The Victorinox mentioned by others is 4116. They are knives' used by the "house" (the company has extra knives just on hand for comis and in case of emergency) in my area. If you brought in a victoinox, they'd assume you have never worked in a real kitchen, OR you have worked in a kitchen, but you steal the house knives. They ARE good knives, but they are for people who watch too much America's Test Kitchen. You probably would not get your interview or your stage if you showed up with victorinox
At the same price point, Wusthof Pro, and Mercer Millenia would be better choices. But these are really bottom of the line knives.

Furi knives you were looking at and that others have mentioned are 4116. I do NOT like Furi knives but it just might be a regional thing. Every body here associates them with fake celebrity cooks (Rachael and Guy). If you're in a kitchen in Arizona, you'd literally get laughed out of the kitchen if you brought in a Furi. But on the positive side, no one would steal them!!!!!

Like the furi, victorinox, and the other cheap knives, you will be sharpening , not just honing, and you'll be doing it OFTEN. But they are so cheap that you can just replace them, no big deal.
BUT the victorinox and the Furi have PLASTIC handles, NOT metal handles. If handle material didn't matter, then this whole tread was pointless. I also can't imagine someone using a school knife kit, downgrading to furi or victorinox. Isn't the idea to move UP to a working professional level?
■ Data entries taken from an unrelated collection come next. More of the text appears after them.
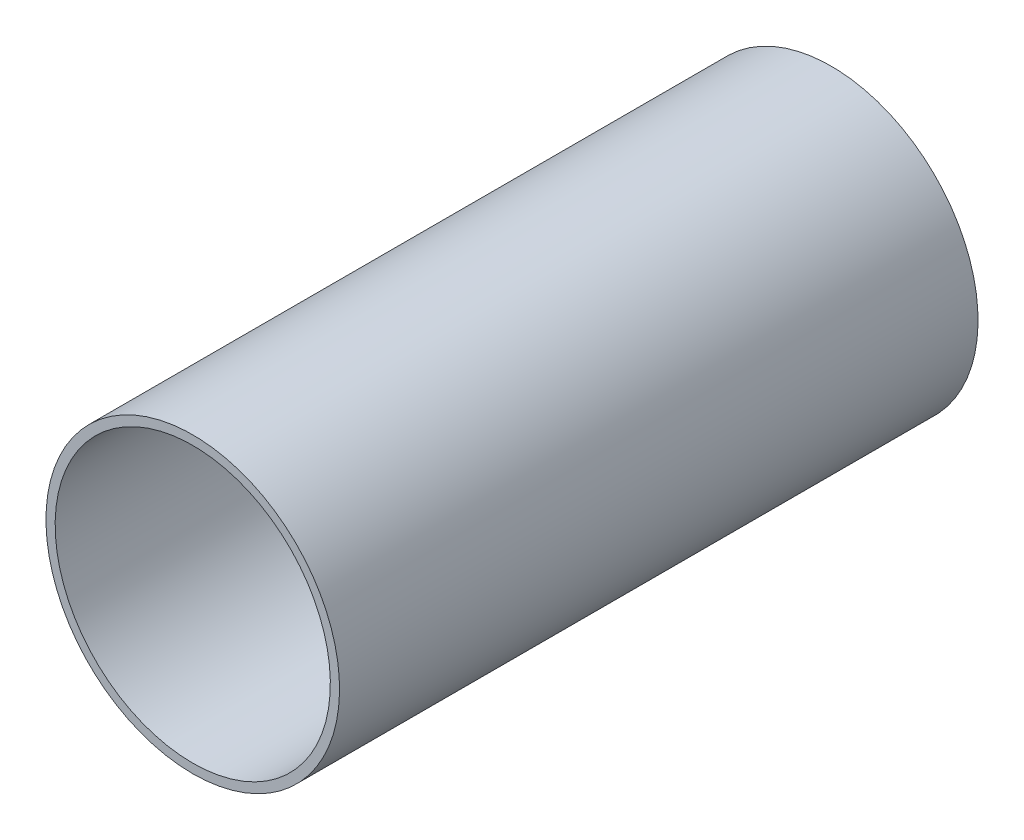
ISO-10303-21;
HEADER;
FILE_DESCRIPTION(('STEP AP214'),'2;1');
FILE_NAME('part.step','',(''),(''),'','','');
FILE_SCHEMA(('AUTOMOTIVE_DESIGN { 1 0 10303 214 1 1 1 1 }'));
ENDSEC;
DATA;
#1=APPLICATION_CONTEXT('core data for automotive mechanical design processes');
#2=APPLICATION_PROTOCOL_DEFINITION('international standard','automotive_design',2000,#1);
#3=PRODUCT_CONTEXT('',#1,'mechanical');
#4=PRODUCT('Part','Part','',(#3));
#5=PRODUCT_RELATED_PRODUCT_CATEGORY('part','',(#4));
#6=PRODUCT_DEFINITION_FORMATION('','',#4);
#7=PRODUCT_DEFINITION_CONTEXT('part definition',#1,'design');
#8=PRODUCT_DEFINITION('design','',#6,#7);
#9=PRODUCT_DEFINITION_SHAPE('','',#8);
#10=(LENGTH_UNIT() NAMED_UNIT(*) SI_UNIT(.MILLI.,.METRE.));
#11=(NAMED_UNIT(*) PLANE_ANGLE_UNIT() SI_UNIT($,.RADIAN.));
#12=(NAMED_UNIT(*) SI_UNIT($,.STERADIAN.) SOLID_ANGLE_UNIT());
#13=UNCERTAINTY_MEASURE_WITH_UNIT(LENGTH_MEASURE(1.E-05),#10,'distance_accuracy_value','');
#14=(GEOMETRIC_REPRESENTATION_CONTEXT(3) GLOBAL_UNCERTAINTY_ASSIGNED_CONTEXT((#13)) GLOBAL_UNIT_ASSIGNED_CONTEXT((#10,
#11,#12)) REPRESENTATION_CONTEXT('',''));
#15=CARTESIAN_POINT('',(0.,0.,0.));
#16=DIRECTION('',(0.,0.,1.));
#17=DIRECTION('',(1.,0.,0.));
#18=AXIS2_PLACEMENT_3D('',#15,#16,#17);
#19=CARTESIAN_POINT('',(142.24,-80.772,-0.045));
#20=DIRECTION('',(0.,0.,-1.));
#21=DIRECTION('',(0.,-1.,0.));
#22=AXIS2_PLACEMENT_3D('',#19,#20,#21);
#23=CYLINDRICAL_SURFACE('',#22,0.375);
#24=CARTESIAN_POINT('',(142.24,-80.772,-0.035));
#25=DIRECTION('',(0.,0.,-1.));
#26=DIRECTION('',(0.,-1.,0.));
#27=AXIS2_PLACEMENT_3D('',#24,#25,#26);
#28=CIRCLE('',#27,0.375);
#29=CARTESIAN_POINT('',(142.24,-81.147,-0.035));
#30=VERTEX_POINT('',#29);
#31=EDGE_CURVE('E65',#30,#30,#28,.T.);
#32=ORIENTED_EDGE('',*,*,#31,.T.);
#33=DIRECTION('',(0.,0.,1.));
#34=VECTOR('',#33,1.);
#35=CARTESIAN_POINT('',(142.24,-81.147,-0.045));
#36=LINE('',#35,#34);
#37=CARTESIAN_POINT('',(142.24,-81.147,1.705));
#38=VERTEX_POINT('',#37);
#39=EDGE_CURVE('E11',#30,#38,#36,.T.);
#40=ORIENTED_EDGE('',*,*,#39,.T.);
#41=CARTESIAN_POINT('',(142.24,-80.772,1.705));
#42=DIRECTION('',(0.,0.,-1.));
#43=DIRECTION('',(0.,-1.,0.));
#44=AXIS2_PLACEMENT_3D('',#41,#42,#43);
#45=CIRCLE('',#44,0.375);
#46=EDGE_CURVE('E26',#38,#38,#45,.T.);
#47=ORIENTED_EDGE('',*,*,#46,.F.);
#48=ORIENTED_EDGE('',*,*,#39,.F.);
#49=EDGE_LOOP('',(#32,#40,#47,#48));
#50=FACE_BOUND('',#49,.T.);
#51=ADVANCED_FACE('F17',(#50),#23,.F.);
#52=CARTESIAN_POINT('',(142.24,-81.172,1.705));
#53=DIRECTION('',(0.,0.,1.));
#54=DIRECTION('',(1.,0.,0.));
#55=AXIS2_PLACEMENT_3D('',#52,#53,#54);
#56=PLANE('',#55);
#57=ORIENTED_EDGE('',*,*,#46,.T.);
#58=EDGE_LOOP('',(#57));
#59=FACE_BOUND('',#58,.T.);
#60=CARTESIAN_POINT('',(142.24,-80.772,1.705));
#61=DIRECTION('',(0.,0.,1.));
#62=DIRECTION('',(0.,-1.,0.));
#63=AXIS2_PLACEMENT_3D('',#60,#61,#62);
#64=CIRCLE('',#63,0.4);
#65=CARTESIAN_POINT('',(142.24,-81.172,1.705));
#66=VERTEX_POINT('',#65);
#67=EDGE_CURVE('E57',#66,#66,#64,.T.);
#68=ORIENTED_EDGE('',*,*,#67,.T.);
#69=EDGE_LOOP('',(#68));
#70=FACE_BOUND('',#69,.T.);
#71=ADVANCED_FACE('F19',(#59,#70),#56,.T.);
#72=CARTESIAN_POINT('',(142.24,-81.172,-0.035));
#73=DIRECTION('',(0.,0.,1.));
#74=DIRECTION('',(1.,0.,0.));
#75=AXIS2_PLACEMENT_3D('',#72,#73,#74);
#76=PLANE('',#75);
#77=ORIENTED_EDGE('',*,*,#31,.F.);
#78=EDGE_LOOP('',(#77));
#79=FACE_BOUND('',#78,.T.);
#80=CARTESIAN_POINT('',(142.24,-80.772,-0.035));
#81=DIRECTION('',(0.,0.,1.));
#82=DIRECTION('',(0.,-1.,0.));
#83=AXIS2_PLACEMENT_3D('',#80,#81,#82);
#84=CIRCLE('',#83,0.4);
#85=CARTESIAN_POINT('',(142.24,-81.172,-0.035));
#86=VERTEX_POINT('',#85);
#87=EDGE_CURVE('E56',#86,#86,#84,.T.);
#88=ORIENTED_EDGE('',*,*,#87,.F.);
#89=EDGE_LOOP('',(#88));
#90=FACE_BOUND('',#89,.T.);
#91=ADVANCED_FACE('F83',(#79,#90),#76,.F.);
#92=CARTESIAN_POINT('',(142.24,-80.772,-0.035));
#93=DIRECTION('',(0.,0.,-1.));
#94=DIRECTION('',(0.,-1.,0.));
#95=AXIS2_PLACEMENT_3D('',#92,#93,#94);
#96=CYLINDRICAL_SURFACE('',#95,0.4);
#97=ORIENTED_EDGE('',*,*,#87,.T.);
#98=DIRECTION('',(0.,0.,1.));
#99=VECTOR('',#98,1.);
#100=CARTESIAN_POINT('',(142.24,-81.172,-0.035));
#101=LINE('',#100,#99);
#102=EDGE_CURVE('E53',#86,#66,#101,.T.);
#103=ORIENTED_EDGE('',*,*,#102,.T.);
#104=ORIENTED_EDGE('',*,*,#67,.F.);
#105=ORIENTED_EDGE('',*,*,#102,.F.);
#106=EDGE_LOOP('',(#97,#103,#104,#105));
#107=FACE_BOUND('',#106,.T.);
#108=ADVANCED_FACE('F54',(#107),#96,.T.);
#109=CLOSED_SHELL('',(#51,#71,#91,#108));
#110=MANIFOLD_SOLID_BREP('B1',#109);
#111=ADVANCED_BREP_SHAPE_REPRESENTATION('',(#18,#110),#14);
#112=SHAPE_DEFINITION_REPRESENTATION(#9,#111);
ENDSEC;
END-ISO-10303-21;

Some kosher kitchens in my area don't allow wood, but they do other materials like santoprene. Wusthof makes the Grand Prix2 line that many Jewish cooks I know use. I'd never thought to ask them. I just assumed they were using them because they are easy on the hands.
But even though they're personally Jewish, this is in mainstream kitchens, so you'd have to ask your chef or kitchen manager. Unfortunately I've never been in a real kosher kitchen yet, but I'd love to visit.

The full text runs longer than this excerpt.